À cela s’ajoute que la population mondiale augmente et qu’elle devrait atteindre 9,8milliards de personnes à l’horizon 2050, ce qui ne sera pas sans créer d’importantes difficultés eu égard à la quantité et à la qualité des denrées nécessaires et aux répercussions que l’agriculture et les systèmes de production de produits alimentaires auront sur l’environnement. Les produits de qualité originaires d’une aire géographique donnée qui leur confère des caractères spécifiques et une notoriété particulière sont très prisés et permettent à des millions de producteurs à travers le monde de gagner leur vie. Ceux-ci ont tendance à protéger les marques (en l’occurrence, les noms géographiques) qui désignent ces produits par des indications géographiques.

Le madd (ou Saba senegalensis) est un fruit sauvage qui se présente sous la forme d’une baie protégée par un épicarpe jaune et que l’on trouve principalement dans les forêts et dans certaines savanes du Burkina Faso, du Sénégal, de Guinée, de Guinée-Bissau, du Mali, du Ghana et de Côte d’Ivoire. (Photo: avec l’aimable autorisation de ETDS)

Une indication géographique désigne un produit originaire d’un lieu donné. La qualité, la notoriété ou les caractères de ce produit sont intrinsèquement liés à cette origine géographique et s’expliquent essentiellement par celle-ci. Le lien étroit qui unit les produits portant une indication géographique à leur terroir (autrement dit, au lieu dans lequel ils sont produits) incite les producteurs à veiller sur l’intégrité de leurs ressources naturelles. C’est ce qui explique que les bénéficiaires d’indications géographiques de grande renommée telles que Grana Padano, Whisky d’Écosse ou encore Banane du Costa Rica aient adopté des politiques vertes bien avant que les consommateurs et le grand public n’aient commencé à s’interroger sur l’effet des activités des grandes entreprises et des grandes marques sur l’environnement naturel.

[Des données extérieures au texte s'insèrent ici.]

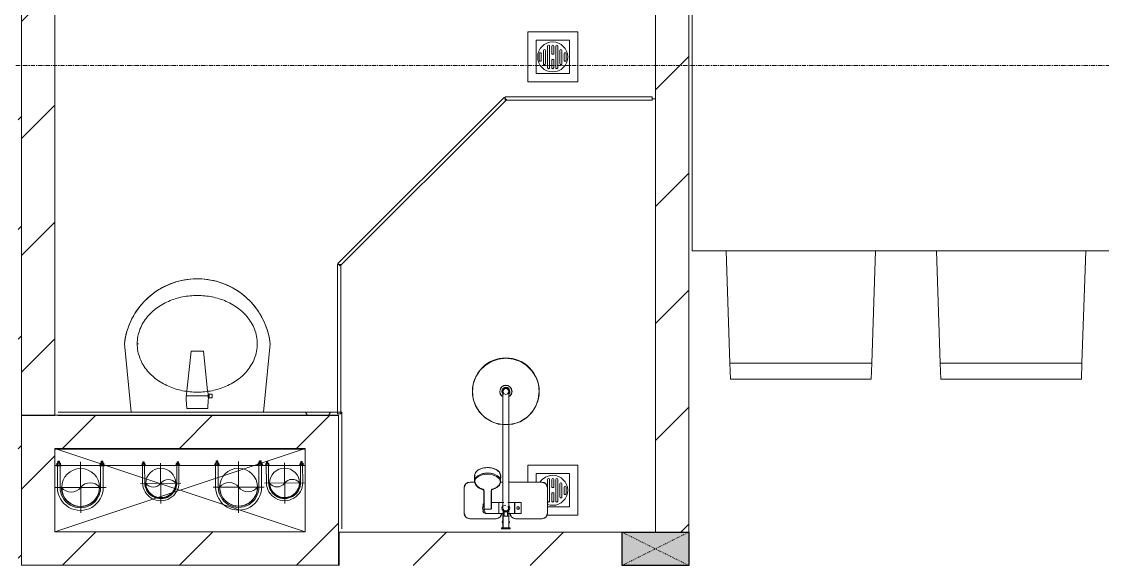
# Model space of a CAD drawing. Header units: millimetres. Extents: x 5121 to 246734, y -48180 to 129206.
# Drawn here: x 55853 to 59093, y 37737 to 39368 of the extents above; entities that cross this region are included whole.
import ezdxf

# ---------------------------------------------------------------- set-up
doc = ezdxf.new("R2010")
doc.units = ezdxf.units.MM
for name, pattern in [('Dash', [6, 3, -3]), ('Grid Line', [22.225, 12.7, -3.175, 3.175, -3.175]), ('IMPORT-CENTER _3_', [10.16, 6.35, -1.27, 1.27, -1.27])]:
    doc.linetypes.add(name, pattern=pattern)
for name, color, linetype, lineweight in [('0-1', 7, 'Continuous', 5), ('0-2', 50, 'Continuous', 9), ('A-FLOR-1', 50, 'Continuous', 9), ('A-GLAZ-CURT-1', 253, 'Continuous', 9), ('A-GLAZ-CURT-2', 50, 'Continuous', 9), ('A-WALL-1', 250, 'Continuous', 18), ('A-WALL-PATT-1', 9, 'Continuous', 9), ('A-WALL-PATT-2', 50, 'Continuous', 9), ('A-WALL-PATT-3', 111, 'Continuous', 9), ('G-IMPT', 8, 'Continuous', 9), ('G-IMPT-2', 8, 'IMPORT-CENTER _3_', 9), ('I-FURN-1', 253, 'Continuous', 9), ('M-EQPM', 50, 'Continuous', 9), ('M-EQPM-1', 253, 'Continuous', 9), ('P-SANR-FIXT', 6, 'Continuous', 9), ('P-SANR-FIXT-1', 253, 'Continuous', 9), ('P-SANR-FIXT-2', 221, 'Continuous', 9), ('S-COLS-2', 10, 'Continuous', 25), ('S-COLS-3', 50, 'Continuous', 9), ('S-COLS-4', 253, 'Continuous', 9), ('S-COLS-HDLN-1', 50, 'Dash', 9), ('S-GRID-1', 1, 'Grid Line', 9)]:
    doc.layers.add(name, color=color, linetype=linetype, lineweight=lineweight)
pattern_1 = [(45, (0, 0), (-175.3625, 175.3625), [])]

# ---------------------------------------------------------------- blocks, each defined once
blk = doc.blocks.new('93925000_0001 - 93925000_top_dwg_93925000_T-348115-TKCS_MB TỔNG THỂ TẦNG 1')
at = {"layer": 'P-SANR-FIXT'}
for p, q in [((-29.3, -30.4), (-108, -30.4)), ((29.3, -30.4), (108, -30.4)), ((-125, -47.4), (-125, -123.4)), ((-46.3, -78.4), (-46.3, -46.7)), ((-27.2, -47.1), (-26.1, -47.1)), ((-9, -412.5), (-9, -62.5)), ((9, -62.5), (9, -412.5)), ((21.5, -45.9), (60.6, -46.7)), ((43, -64.7), (43, -117.7)), ((65.8, -117.7), (65.8, -64.7)), ((125, -47.4), (125, -123.4)), ((-27.2, -77.9), (-26.1, -77.9)), ((43, -78.7), (21.5, -79.2)), ((42.7, -117.9), (42.7, -117.9)), ((43.2, -117.6), (43.2, -117.5)), ((65.6, -117.5), (65.6, -117.6)), ((66.1, -117.9), (66.1, -117.9)), ((-108, -140.4), (-9, -140.4)), ((9, -140.4), (16.1, -140.4)), ((15.4, -159.1), (15.8, -143.3)), ((108, -140.4), (92.7, -140.4)), ((93, -143.3), (93.4, -159.1))]:
    blk.add_line(p, q, dxfattribs=at)
at = {"layer": 'P-SANR-FIXT', "flags": 128}
for points in [[(-45.8, -46.1), (-27.2, -46.1), (-27.2, -78.9), (-45.8, -78.9)], [(-26.1, -46), (-26.1, -78.9), (-9, -79)], [(21.5, -47.4), (21.5, -79.1), (9, -79)]]:
    blk.add_lwpolyline(points, dxfattribs=at)
at = {"layer": 'P-SANR-FIXT'}
for centre, radius in [((-36.5, -62.5), 3.95), ((0, -412.5), 100)]:
    blk.add_circle(centre, radius, dxfattribs=at)
for centre, radius, start, end in [((-108, -47.4), 17, 90, 180), ((-29.3, -47.4), 17, 4.7626, 90), ((29.3, -47.4), 17, 90, 175.2374), ((108, -47.4), 17, 360, 90), ((-45.8, -46.6), 0.5, 90, 180), ((0, -62.5), 12, 318.5904, 221.4096), ((0, -62.5), 9, 90, 180.0008), ((0, -62.5), 9, 360, 90), ((45.7, -61.8), 2.59, 155.1929, 175.7071), ((45.9, -61.8), 2.75, 130.8294, 155.1929), ((46.1, -62.1), 3.08, 110.5459, 130.8294), ((54.4, -334.8), 275.9, 88.2683, 91.7343), ((59.7, -57.1), 10.5, 38.6491, 85.492), ((-11.1, -67.1), 76.9, 1.7693, 4.1075), ((-45.8, -78.4), 0.5, 180, 270), ((65.2, -72.4), 3.46, 323.2522, 79.3541), ((-108, -123.4), 17, 180, 270), ((43.6, -149.4), 29.5, 134.7867, 139.9744), ((46.2, -152), 33.2, 130.0223, 134.7808), ((47.7, -153.8), 35.5, 125.4414, 130.0144), ((49.9, -156.8), 39.2, 121.1773, 125.4365), ((50.6, -157.9), 40.5, 119.697, 121.1761), ((51, -158.7), 41.5, 117.0276, 119.7085), ((52.2, -161.1), 44.1, 113.3199, 117.0258), ((51.7, -159.9), 42.8, 109.7779, 113.2977), ((52.5, -162.2), 45.2, 106.1472, 109.7766), ((53.2, -164.5), 47.7, 103.9355, 106.1665), ((39.1, -108.2), 10.4, 284.3956, 285.5116), ((40.8, -114.2), 4.19, 285.5116, 289.9665), ((40.2, -112.5), 6, 289.9665, 292.7061), ((41.4, -115.3), 2.96, 292.7061, 296.5405), ((41.3, -115.1), 3.16, 296.9591, 300.8286), ((41.8, -115.8), 2.26, 300.8286, 305.287), ((42.1, -116.4), 1.64, 305.287, 309.9326), ((42.6, -116.9), 0.906, 309.9326, 315.24), ((66.5, -116.6), 1.39, 229.6335, 235.1234), ((66.3, -116.8), 1.08, 225.1702, 229.6335), ((67.3, -115.4), 2.79, 235.1234, 238.7439), ((67.2, -115.6), 2.6, 238.7439, 243.4573), ((67.8, -114.4), 3.89, 243.9189, 246.8313), ((68.1, -113.8), 4.52, 246.843, 250.4792), ((68.3, -113.2), 5.24, 250.478, 254.0406), ((68.5, -112.7), 5.75, 254.0357, 256.0561), ((55.4, -165.2), 48.4, 73.8659, 76.0481), ((56.2, -162.4), 45.5, 70.241, 73.86), ((57.4, -159.2), 42.1, 66.6693, 70.2637), ((56.5, -161.3), 44.3, 62.9815, 66.6728), ((58, -158.4), 41.1, 60.2783, 62.9855), ((57.7, -158.9), 41.7, 58.8444, 60.2824), ((59.2, -156.4), 38.7, 54.5377, 58.8482), ((60.9, -154), 35.8, 50.0034, 54.5405), ((62.8, -151.7), 32.8, 45.1921, 50.0042), ((65, -149.6), 29.8, 40.0487, 45.1896), ((87.6, -128.4), 1.5, 180, 187.5386), ((108, -123.4), 17, 270, 360), ((32.7, -159), 17.3, 181.3198, 222.2619), ((32.6, -143.6), 16.9, 172.414, 179.1297), ((33.7, -143.7), 17.9, 164.9525, 172.4168), ((35.2, -144.2), 19.5, 157.9614, 164.9563), ((37.1, -144.9), 21.6, 151.4775, 157.9654), ((39.3, -146.1), 24, 145.4892, 151.4815), ((41.5, -147.6), 26.8, 139.9517, 145.4927), ((87.6, -128.4), 1.5, 258.6057, 270), ((67.2, -147.7), 26.8, 34.5125, 40.0422), ((76, -159), 17.4, 317.3098, 358.6393), ((69.4, -146.2), 24.2, 28.5363, 34.4919), ((73.8, -143.9), 19.2, 21.6374, 28.9183), ((71.2, -145), 22.1, 15.4436, 21.6374), ((76.8, -143.4), 16.2, 7.1859, 15.4436), ((73.9, -143.8), 19.1, 1.2699, 7.1859), ((54.2, -123), 60.6, 259.1395, 270.1494), ((54.2, -119.5), 64.1, 270.1494, 280.3637), ((0, -412.5), 18, 120.2491, 59.7509), ((0, -412.5), 12.2, 137.7946, 42.2054), ((0, -412.5), 9, 180, 0)]:
    blk.add_arc(centre, radius, start, end, dxfattribs=at)
for points, degree in [([(-12.9, 0), (-12.9, -1.5), (-12.9, -3)], 2), ([(12.9, 0), (0, 0), (-12.8, 0)], 2), ([(12.8, 0), (12.9, 0), (12.9, 0)], 2), ([(12.9, 0), (12.9, -1.5), (12.9, -3)], 2), ([(-12.9, -3), (0, -3), (12.8, -3)], 2), ([(-12.8, -3), (-12.9, -3), (-12.9, -3)], 2), ([(-8.5, -3.8), (-8.5, -20.9), (-8.5, -38)], 2), ([(8.5, -3.8), (8.5, -20.9), (8.5, -38)], 2), ([(-5, -46), (-15.5, -46), (-26.1, -46)], 2), ([(-8.5, -38), (0, -38), (8.5, -38)], 2), ([(-5, -38), (-5, -44.8), (-5, -51.6)], 2), ([(5, -38), (5, -44.8), (5, -51.6)], 2), ([(5, -46), (13.3, -46), (21.5, -46)], 2), ([(43.2, -61.6), (43.1, -62.2), (43.3, -62.8), (43, -63.5), (43, -64.1), (43, -64.7)], 5), ([(46.1, -59), (45.8, -59), (45.6, -59), (45.4, -59.1), (45.2, -59.1), (45, -59.2)], 5), ([(65.6, -61.6), (65.6, -60.8), (65.5, -60), (64.3, -59), (63.5, -59), (62.7, -59)], 5), ([(42.8, -182.5), (33, -180.6), (24.7, -176.4), (19.9, -170.7)], 3), ([(88.8, -170.8), (83.9, -176.5), (75.6, -180.7), (65.8, -182.5)], 3)]:
    blk.add_open_spline(points, degree=degree, dxfattribs=at)
for points, weights in [([(-9.3, -3), (-8.5, -3), (-8.5, -3.8)], [1, 0.707106775639, 1]), ([(9.3, -3), (8.5, -3), (8.5, -3.8)], [1, 0.707106765177, 1]), ([(21.5, -45.9), (21.5, -45.7), (21.5, -47.4)], [0.874147445041, 0.908470869121, 1]), ([(67.9, -74.4), (66.9, -75.7), (65.8, -76.4)], [1, 0.991614392871, 1]), ([(54.4, -167.3), (15.8, -167.3), (15.8, -143.6)], [1, 0.707106781187, 1]), ([(93, -143.6), (93, -167.3), (54.4, -167.3)], [1, 0.707106781187, 1])]:
    blk.add_rational_spline(points, weights, degree=2, dxfattribs=at)
blk.add_open_spline([(68, -50.6), (68.4, -51.1), (68.6, -51.7), (68.7, -53.5), (68.2, -54.7), (66.1, -57), (64.6, -58.1), (62.7, -59)], degree=3, knots=[0.3623591, 0.3623591, 0.3623591, 0.3623591, 0.4991435, 0.4991435, 0.7494159, 0.7494159, 0.9564651, 0.9564651, 0.9564651, 0.9564651], dxfattribs=at)
blk = doc.blocks.new('93925000_0001 - 93925000_top_dwg-348114-TKCS_MB TỔNG THỂ TẦNG 1')
blk.add_blockref('93925000_0001 - 93925000_top_dwg_93925000_T-348115-TKCS_MB TỔNG THỂ TẦNG 1', (0, 0))
blk = doc.blocks.new('93925000_0001 - 93925000_3D_low_dwg-V60-TKCS_MB TỔNG THỂ TẦNG 1')
at = {"layer": 'P-SANR-FIXT'}
for p, q in [((-13, 0.4), (-12.1, 0.4)), ((-13, 0.4), (-11.6, 0.4)), ((-13, 0.4), (-12.1, 0.4)), ((-13, 0.4), (-11.6, 0.4)), ((-13, -2.4), (-13, 0.4)), ((-13, -2.4), (-13, 0.4)), ((-12.1, 0.4), (-9.1, 0.4)), ((-12.1, 0.4), (-9.1, 0.4)), ((-8, 0.4), (-11.6, 0.4)), ((-8, 0.4), (-11.6, 0.4)), ((-9.1, 0.4), (-5, 0.4)), ((-9.1, 0.4), (-5, 0.4)), ((-2.7, 0.4), (-8, 0.4)), ((-2.7, 0.4), (-8, 0.4)), ((-5, 0.4), (0, 0.4)), ((-5, 0.4), (0, 0.4)), ((2.9, 0.4), (-2.7, 0.4)), ((2.9, 0.4), (-2.7, 0.4)), ((0, 0.4), (5.1, 0.4)), ((0, 0.4), (5.1, 0.4)), ((8.2, 0.4), (2.9, 0.4)), ((8.2, 0.4), (2.9, 0.4)), ((5.1, 0.4), (9, 0.4)), ((5.1, 0.4), (9, 0.4)), ((11.6, 0.4), (8.2, 0.4)), ((11.6, 0.4), (8.2, 0.4)), ((9, 0.4), (12, 0.4)), ((9, 0.4), (12, 0.4)), ((13, 0.4), (11.6, 0.4)), ((13, 0.4), (11.6, 0.4)), ((12, 0.4), (13, 0.4)), ((12, 0.4), (13, 0.4)), ((13, -2.4), (13, 0.4)), ((13, -2.4), (13, 0.4)), ((-120, -35), (-108, -30)), ((-108, -30), (-120, -35)), ((-108, -30), (-29.2, -30)), ((-29.2, -30), (-108, -30)), ((-29.2, -30), (-17.2, -35)), ((-17.2, -35), (-29.2, -30)), ((-12.1, -2.4), (-13, -2.4)), ((-13, -2.4), (-11.6, -2.4)), ((-12.1, -2.4), (-13, -2.4)), ((-13, -2.4), (-11.6, -2.4)), ((-9.1, -2.4), (-12.1, -2.4)), ((-9.1, -2.4), (-12.1, -2.4)), ((-11.1, -20.1), (-8.9, -14.6)), ((-8.9, -25.2), (-11.1, -20.1)), ((-5, -2.4), (-9.1, -2.4)), ((-8.9, -45.6), (-8.9, -2.4)), ((-6.1, -2.4), (-8.5, -2.4)), ((-8.5, -53.6), (-8.5, -2.4)), ((-0.3, -2.4), (-6.1, -2.4)), ((0, -2.4), (-5, -2.4)), ((-0.3, -2.4), (6.1, -2.4)), ((5.1, -2.4), (0, -2.4)), ((5.1, -2.4), (9, -2.4)), ((6.1, -2.4), (8.5, -2.4)), ((11.6, -2.4), (8.2, -2.4)), ((11.6, -2.4), (8.2, -2.4)), ((8.5, -2.4), (8.5, -53.6)), ((8.9, -2.4), (8.9, -45.6)), ((11.1, -20.1), (8.9, -15)), ((8.9, -25.6), (11.1, -20.1)), ((9, -2.4), (12, -2.4)), ((9, -2.4), (12, -2.4)), ((13, -2.4), (11.6, -2.4)), ((13, -2.4), (11.6, -2.4)), ((12, -2.4), (13, -2.4)), ((12, -2.4), (13, -2.4)), ((17.2, -35), (29.2, -30)), ((17.2, -35), (29.2, -30)), ((29.2, -30), (108, -30)), ((108, -30), (29.2, -30)), ((108, -30), (120, -35)), ((120, -35), (108, -30)), ((-125, -47), (-120, -35)), ((-120, -35), (-125, -47)), ((-125, -123), (-125, -47)), ((-125, -47), (-125, -123)), ((-46.3, -45.7), (-27.2, -45.6)), ((-46.3, -46.9), (-46.3, -45.7)), ((-46.3, -45.7), (-46.3, -46.9)), ((-46.3, -50.5), (-46.3, -46.9)), ((-46.3, -50.5), (-46.3, -56.1)), ((-46.3, -56.1), (-46.3, -62.1)), ((-46.3, -68.1), (-46.3, -62.1)), ((-40.5, -62.1), (-39.4, -59.4)), ((-40.5, -62.1), (-39.3, -64.9)), ((-36.6, -58.1), (-39.4, -59.4)), ((-36.6, -58.1), (-33.6, -59.3)), ((-33.6, -59.3), (-32.5, -62.1)), ((-33.6, -64.8), (-32.5, -62.1)), ((-27.2, -46.8), (-27.2, -45.6)), ((-27.2, -45.6), (-27.2, -46.8)), ((-27.2, -46.8), (-27.2, -50.4)), ((-27.2, -56), (-27.2, -50.4)), ((-27.2, -62.1), (-27.2, -56)), ((-27.2, -68.2), (-27.2, -62.1)), ((-26.1, -46.8), (-26.1, -45.6)), ((-8.5, -45.6), (-26.1, -45.6)), ((-26.1, -46.8), (-26.1, -50.4)), ((-26.1, -56), (-26.1, -50.4)), ((-26.1, -62.1), (-26.1, -56)), ((-26.1, -68.2), (-26.1, -62.1)), ((-17.2, -35), (-12.8, -45.6)), ((-12.8, -45.6), (-17.2, -35)), ((-11.1, -57.5), (-12, -62.1)), ((-11.2, -57.7), (-12, -62.1)), ((-12, -62.1), (-11.2, -66.5)), ((-12, -62.1), (-11.2, -66.5)), ((-8.5, -53.6), (-11.2, -57.7)), ((-8.5, -53.6), (-11.2, -57.7)), ((-11.1, -57.5), (-11.2, -57.7)), ((-5.4, -54.9), (-9, -62.1)), ((-9, -62.1), (-6.4, -67.3)), ((-9, -62.1), (-9, -66.3)), ((-4.4, -50.9), (-8.5, -53.6)), ((-4.4, -50.9), (-8.5, -53.6)), ((0, -53.1), (-5.4, -54.9)), ((-4.6, -51), (-4.4, -50.9)), ((0, -50.1), (-4.4, -50.9)), ((4.4, -50.9), (0, -50.1)), ((5.1, -55.1), (0, -53.1)), ((4.4, -50.9), (4.6, -51)), ((4.4, -50.9), (8.5, -53.6)), ((4.4, -50.9), (8.5, -53.6)), ((9, -62.1), (6.4, -55.7)), ((21.5, -45.6), (8.5, -45.6)), ((11.1, -57.5), (8.5, -53.6)), ((11.2, -57.7), (8.5, -53.6)), ((11.2, -57.7), (8.5, -53.6)), ((9, -62.1), (9, -66.5)), ((11.1, -57.5), (11.2, -57.7)), ((11.1, -66.7), (12, -62.1)), ((12, -62.1), (11.2, -57.7)), ((12, -62.1), (11.2, -57.7)), ((11.2, -66.5), (12, -62.1)), ((17.2, -35), (12.8, -45.6)), ((12.8, -45.6), (17.2, -35)), ((21.5, -45.6), (60.6, -46.1)), ((21.5, -46.8), (21.5, -45.6)), ((21.5, -46.8), (21.5, -50.4)), ((21.5, -56), (21.5, -50.4)), ((21.5, -62.1), (21.5, -56)), ((21.5, -68.2), (21.5, -62.1)), ((43.3, -68.3), (43.8, -62.2)), ((44.3, -58.6), (44.2, -112.9)), ((65.4, -58.6), (44.3, -58.6)), ((60.6, -46.1), (66.7, -50.3)), ((65.3, -56), (62.2, -49.2)), ((66.3, -68.3), (65.3, -56)), ((65.4, -58.6), (65.4, -112.9)), ((66.7, -50.3), (69.5, -62.1)), ((66.7, -73.9), (69.5, -62.1)), ((120, -35), (125, -47)), ((125, -47), (120, -35)), ((125, -47), (125, -123)), ((125, -123), (125, -47)), ((-46.3, -73.7), (-46.3, -68.1)), ((-46.3, -77.3), (-46.3, -73.7)), ((-46.3, -78.5), (-46.3, -77.3)), ((-46.3, -78.5), (-46.3, -77.3)), ((-46.3, -78.5), (-27.2, -78.6)), ((-36.5, -66.1), (-39.3, -64.9)), ((-33.6, -64.8), (-36.5, -66.1)), ((-27.2, -73.8), (-27.2, -68.2)), ((-27.2, -77.4), (-27.2, -73.8)), ((-27.2, -77.4), (-27.2, -78.6)), ((-27.2, -78.6), (-27.2, -77.4)), ((-26.1, -73.8), (-26.1, -68.2)), ((-26.1, -77.4), (-26.1, -73.8)), ((-26.1, -78.6), (-26.1, -77.4)), ((-26.1, -78.6), (-6.3, -78.6)), ((-11.1, -66.7), (-11.2, -66.5)), ((-11.2, -66.5), (-8.5, -70.6)), ((-11.1, -66.7), (-8.5, -70.6)), ((-9, -79.5), (-9, -66.3)), ((-9, -79.5), (-9, -94.5)), ((-9, -94.5), (-9, -122.1)), ((-8.5, -70.6), (-8.5, -70.6)), ((6.4, -68.5), (0, -71.1)), ((6.3, -78.6), (21.5, -78.6)), ((8.5, -70.6), (11.2, -66.5)), ((8.5, -70.6), (11.2, -66.5)), ((8.5, -70.6), (8.5, -70.6)), ((9, -79.6), (9, -66.5)), ((9, -79.6), (9, -94.6)), ((9, -94.6), (9, -122.1)), ((11.1, -66.7), (11.2, -66.5)), ((21.5, -73.8), (21.5, -68.2)), ((21.5, -77.4), (21.5, -73.8)), ((21.5, -78.6), (21.5, -77.4)), ((21.5, -78.6), (44.3, -78.3)), ((-120, -135), (-125, -123)), ((-125, -123), (-120, -135)), ((-9, -122.1), (-9, -352.1)), ((9, -352.1), (9, -122.1)), ((27.2, -123.6), (19, -131.1)), ((42.7, -116.4), (27.2, -123.6)), ((44.2, -112.9), (42.7, -116.4)), ((65.4, -112.9), (67, -116.4)), ((67, -116.4), (82.2, -123.4)), ((82.2, -123.4), (90.4, -130.7)), ((125, -123), (120, -135)), ((120, -135), (125, -123)), ((-108, -140), (-120, -135)), ((-120, -135), (-108, -140)), ((-8.8, -140), (-108, -140)), ((-108, -140), (-8.8, -140)), ((16.1, -140), (8.8, -140)), ((8.8, -140), (16.1, -140)), ((16, -140.4), (19, -131.1)), ((16, -140.4), (16, -160.1)), ((19.3, -150.1), (16, -140.4)), ((16, -160.1), (18.8, -169)), ((19.3, -169.7), (16, -160.1)), ((27.5, -157.3), (19.3, -150.1)), ((27.5, -157.3), (39.8, -162.4)), ((70.6, -162.2), (82.5, -157.2)), ((90.7, -149.6), (82.5, -157.2)), ((90.4, -130.7), (93.7, -140.4)), ((90.7, -149.6), (93.7, -140.4)), ((93.7, -160.1), (90.7, -169.3)), ((108, -140), (93.6, -140)), ((93.6, -140), (108, -140)), ((93.7, -140.4), (93.7, -160.1)), ((108, -140), (120, -135)), ((108, -140), (120, -135)), ((25.5, -175.3), (19.3, -169.7)), ((39.8, -182), (27.5, -177)), ((39.6, -182), (54.8, -183.9)), ((39.8, -162.4), (54.8, -164.2)), ((39.8, -182), (54.8, -183.9)), ((70.6, -162.2), (54.8, -164.2)), ((54.8, -183.9), (70.6, -181.9)), ((54.8, -183.9), (69.3, -182.2)), ((82.5, -176.8), (70.6, -181.9)), ((90.7, -169.3), (82.5, -176.8)), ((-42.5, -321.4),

Ce souci de l’environnement n’est cependant pas l’apanage des bénéficiaires d’indications géographiques reconnues. Les producteurs qui prétendent faire protéger leurs produits par une indication géographique, comme c’est le cas des producteurs de madd de Casamance, veillent en effet eux aussi à ce que les considérations environnementales fassent partie intégrante de la réglementation qui régit les méthodes de récolte et la production des produits dérivés et des contrôles indépendants en la matière.

Le madd de Casamance

Le madd, qui devient orange quand il est mûr, est ovoïde; il est gorgé de graines enrobées de pulpe. Il a une forte teneur en glucides, ainsi qu’en vitamines A, K et C. (Photo: avec l’aimable autorisation de ETDS)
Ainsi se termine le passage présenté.